Petani di Kulonprogo Diminta Tunda Jual Beras hingga Harga Bagus

    Antara - 05 Oktober 2021 21:04 WIB
    Petani di Kulonprogo Diminta Tunda Jual Beras hingga Harga Bagus
    Ilustrasi. Foto: Medcom/Kuntoro Ayubi



    DI. Yogyakarta: Pemerintah Kabupaten Kulonprogo, Daerah Istimewa Yogyakarta mengimbau kepada petani untuk menunda jual beras sampai harga bagus, karena harga di pasar saat ini masih rendah yaitu pada kisaran Rp6.000 per kilogram.

    "Kami berharap dengan kondisi harga beras atau gabah di tingkat petani yang rendah, sebaiknya tunda jual terlebih dahulu. Jangan sampai merugi dan tidak seimbang dengan biaya yang dikeluarkan untuk produksi," kata Kepala Dinas Pertanian dan Pangan Kulonprogo Aris Nugraha di Kulon Progo, Selasa.dilansir Antara, Selasa, 5 Oktober 2021.

     



    Aris mengatakan di beberapa desa yang memiliki lumbung pangan, petani bisa menyimpang gabahnya di lumbung pangan.

    "Nanti kalau kondisi normal, baru dijual. Saat ini, kondisi tidak normal. Semoga pandemi covid-19 ini dapat segera teratasi, dan kondisi kembali normal. Gabah yang disimpan di lumbung pangan bisa diijual sesuai kebutuhan, sisanya untuk stok mencukupi kebutuhan pangan keluarga," imbuhnya.

    Aris mengatakan pihaknya juga sudah berkoordinasi dengan gabungan kelompok tani di wilayah untuk sebanyak-banyaknya menyerap gabah dan beras dari anggotanya untuk kebutuhan BNPT dan ASN.

    "Kami optimalkan penyerapan gabah dan beras melalui gabungan kelompok tani, dengan harapan harga tetap tinggi. Selain itu, gabah atau beras tersebut bisa untuk cadangan di gudang gapoktan," katanya.

    Dia mengatakan kebutuhan beras untuk BPNT dan ASN setiap bulan berkisar 480 ton, belum termasuk beras ASN. Untuk penyerapan beras ke petani, Dispertan Kulon Progo membuka keran sebanyak-banyaknya gapoktan yang siap mensuplai e-Warong penyalur BPNT.

    Salah satu petani di Kecamatan Sentolo, Martiyem mengaku kesulitan menjual beras dari hasil panenan pada awal 2021 atau panenan pada Februari. Di penggilangan padi, tidak membeli panenan lama, yang dibeli hanya beras hasil panen terbaru.

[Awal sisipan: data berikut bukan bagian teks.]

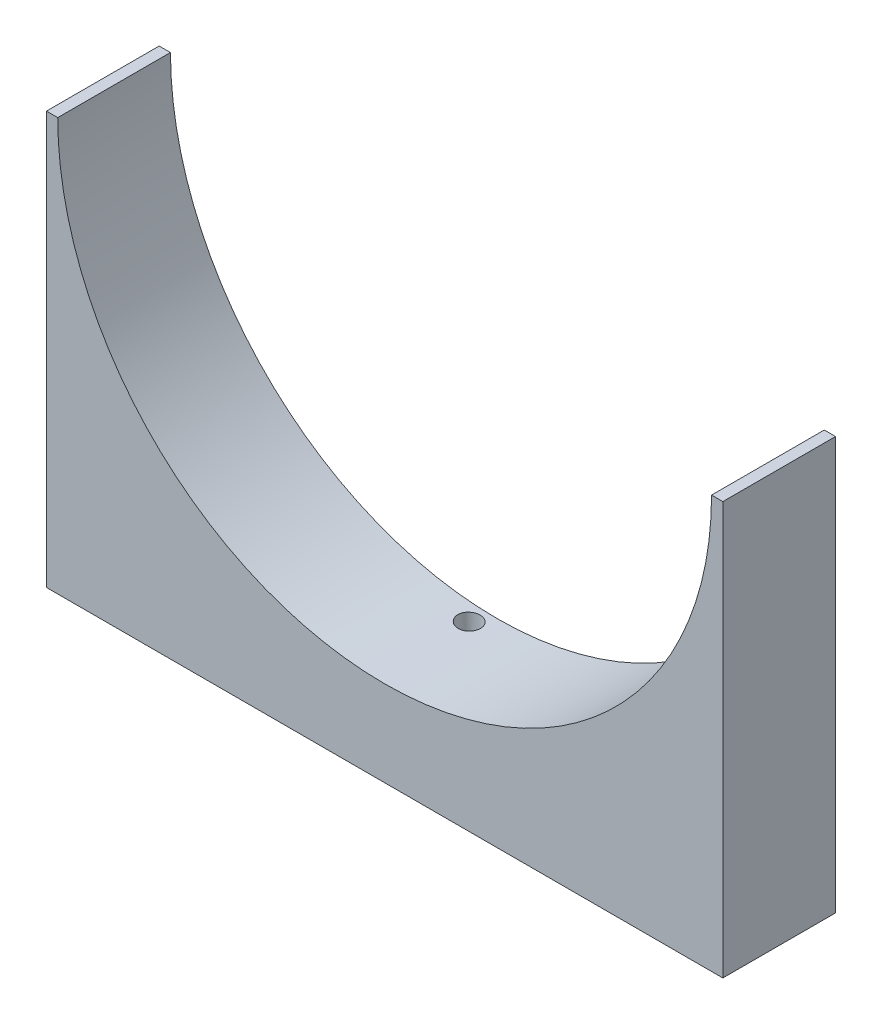
from build123d import *

# Parameters (mm, degrees)
BOSS_EXTRUDE1_DEPTH = 12.7
SKETCH2_W           = 3.556
SKETCH2_H           = 3.556
BOSS_EXTRUDE2_DEPTH = 2.54
SKETCH3_R           = 1.27
CUT_EXTRUDE1_DEPTH  = 14.986


with BuildPart() as part:
    # Sketch1 → Boss-Extrude1 (new body)
    with BuildSketch(Plane.XY):
        with BuildLine():
            Line((-38.1, 23.241), (-38.1, -23.241))
            Line((-38.1, -23.241), (38.1, -23.241))
            Line((38.1, -23.241), (38.1, 23.241))
            Line((38.1, 23.241), (36.83, 23.241))
            ThreePointArc((36.83, 23.241), (0, -13.589), (-36.83, 23.241))
            Line((-36.83, 23.241), (-38.1, 23.241))
        make_face()
    extrude(amount=BOSS_EXTRUDE1_DEPTH)

    # Sketch2 → Boss-Extrude2 (add)
    with BuildSketch(Plane.XZ.offset(23.241)):
        with Locations((11.43, 1.905)):
            Rectangle(SKETCH2_W, SKETCH2_H)
        with Locations((-13.97, 1.905)):
            Rectangle(SKETCH2_W, SKETCH2_H)
    extrude(amount=BOSS_EXTRUDE2_DEPTH)

    # Sketch3 → Cut-Extrude1 (cut)
    with BuildSketch(Plane(origin=(0, -23.241, 0), x_dir=(-1, 0, 0), z_dir=(0, -1, 0))):
        with Locations((1.27, -1.905)):
            Circle(SKETCH3_R)
    extrude(amount=-CUT_EXTRUDE1_DEPTH, mode=Mode.SUBTRACT)


solid = part.part
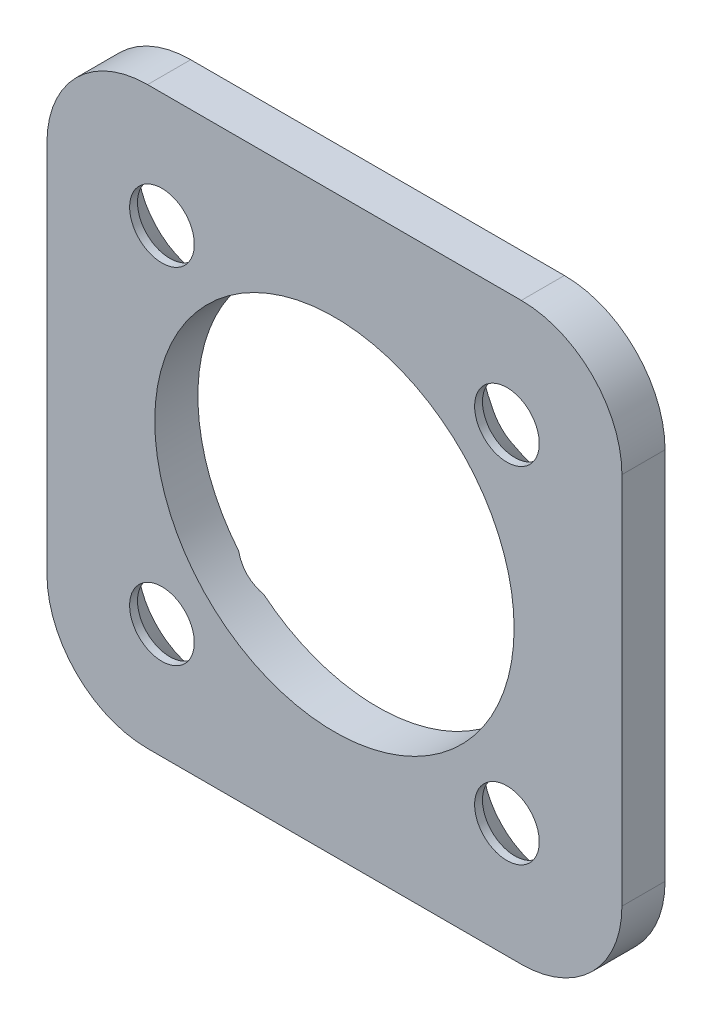
from build123d import *

# Parameters (mm, degrees)
SKETCH1_W                                    = 40
SKETCH1_H                                    = 40
SKETCH1_R                                    = 12.5
BOSS_EXTRUDE1_DEPTH                          = 3
FILLET1_R                                    = 7
CSK_FOR_M4_COUNTERSUNK_FLAT_HEAD_SCR_2_COUNT = 2
CSK_FOR_M4_COUNTERSUNK_FLAT_HEAD_SCR_2_PITCH = 24
CSK_FOR_M4_COUNTERSUNK_FLAT_HEAD_SCR_3_COUNT = 2
CSK_FOR_M4_COUNTERSUNK_FLAT_HEAD_SCR_3_PITCH = 33.941125497
CSK_FOR_M4_COUNTERSUNK_FLAT_HEAD_SCR_4_COUNT = 2
CSK_FOR_M4_COUNTERSUNK_FLAT_HEAD_SCR_4_PITCH = 24


with BuildPart() as part:
    # Sketch1 → Boss-Extrude1 (new body)
    with BuildSketch(Plane.XY):
        Rectangle(SKETCH1_W, SKETCH1_H)
        Circle(SKETCH1_R, mode=Mode.SUBTRACT)
    extrude(amount=BOSS_EXTRUDE1_DEPTH)

    # Fillet1
    fillet1_edges = [part.edges().sort_by_distance(p)[0] for p in [
        (-20, -20, 1.5),
        (-20, 20, 1.5),
        (20, 20, 1.5),
        (20, -20, 1.5),
    ]]
    fillet(fillet1_edges, radius=FILLET1_R)

    # Sketch3 → CSK for M4 Countersunk Flat Head Screw1 (revolve, cut)
    with BuildSketch(Plane(origin=(12, 12, 0), x_dir=(0, 1, 0), z_dir=(1, 0, 0))):
        Polygon((0, 0), (0, 3), (2.25, 3), (2.25, 2.45), (4.7, 0), align=None)
    csk_for_m4_countersunk_flat_head_screw1 = revolve(axis=Axis((12, 12, -6.35), (0, 0, 1)), mode=Mode.SUBTRACT)

    # CSK for M4 Countersunk Flat Head Scr 2: CSK for M4 Countersunk Flat Head Screw1 ×2
    with Locations(*[(-i * CSK_FOR_M4_COUNTERSUNK_FLAT_HEAD_SCR_2_PITCH, 0, 0) for i in range(1, CSK_FOR_M4_COUNTERSUNK_FLAT_HEAD_SCR_2_COUNT)]):
        add(csk_for_m4_countersunk_flat_head_screw1, mode=Mode.SUBTRACT)

    # CSK for M4 Countersunk Flat Head Scr 3: CSK for M4 Countersunk Flat Head Screw1 ×2
    with Locations(*[Vector(-0.7071067811865475, -0.7071067811865476, 0) * (i * CSK_FOR_M4_COUNTERSUNK_FLAT_HEAD_SCR_3_PITCH) for i in range(1, CSK_FOR_M4_COUNTERSUNK_FLAT_HEAD_SCR_3_COUNT)]):
        add(csk_for_m4_countersunk_flat_head_screw1, mode=Mode.SUBTRACT)

    # CSK for M4 Countersunk Flat Head Scr 4: CSK for M4 Countersunk Flat Head Screw1 ×2
    with Locations(*[(0, -i * CSK_FOR_M4_COUNTERSUNK_FLAT_HEAD_SCR_4_PITCH, 0) for i in range(1, CSK_FOR_M4_COUNTERSUNK_FLAT_HEAD_SCR_4_COUNT)]):
        add(csk_for_m4_countersunk_flat_head_screw1, mode=Mode.SUBTRACT)


solid = part.part
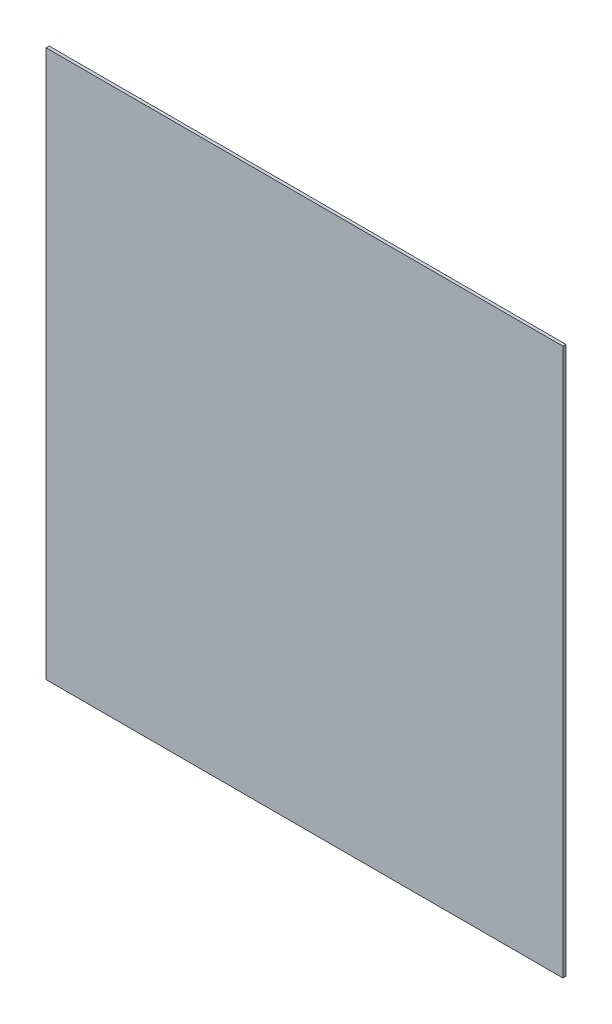
from build123d import *

# Parameters (mm, degrees)
SKETCH1_W           = 510
SKETCH1_H           = 540
BOSS_EXTRUDE1_DEPTH = 3


with BuildPart() as part:
    # Sketch1 → Boss-Extrude1 (new body)
    with BuildSketch(Plane.XY):
        Rectangle(SKETCH1_W, SKETCH1_H)
    extrude(amount=BOSS_EXTRUDE1_DEPTH)


solid = part.part
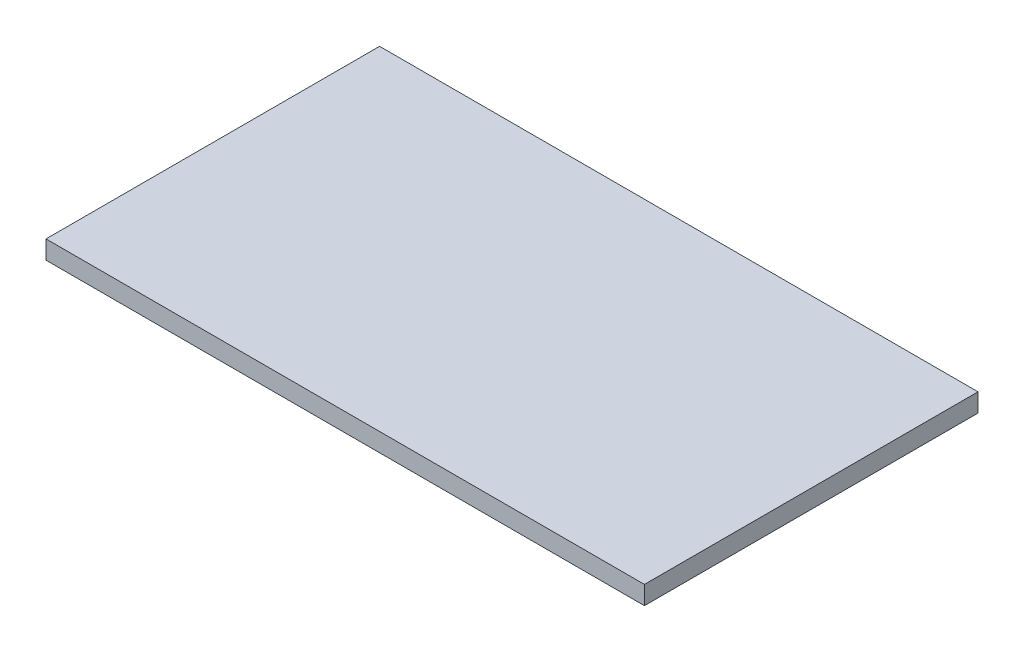
from build123d import *

# Parameters (mm, degrees)
SKETCH1_W           = 154.1
SKETCH1_H           = 85.9
BOSS_EXTRUDE1_DEPTH = 4.75


with BuildPart() as part:
    # Sketch1 → Boss-Extrude1 (new body)
    with BuildSketch(Plane(origin=(0, 0, 0), x_dir=(1, 0, 0), z_dir=(0, 1, 0))):
        Rectangle(SKETCH1_W, SKETCH1_H)
    extrude(amount=BOSS_EXTRUDE1_DEPTH)


solid = part.part

    "Saya menjual beras ini untuk menebus pupuk subsidi untuk persiapan masa tanam Oktober ini. Kalau beras tidak laku, kami harus membeli pupuk dan membayar traktor dengan uang dari mana," keluhnya.

    (DEV)

    Bagaimana tanggapan anda mengenai artikel ini?

    Komentar

    LOADING
    Cara untuk mendapatkan Berita terbaru dari kami.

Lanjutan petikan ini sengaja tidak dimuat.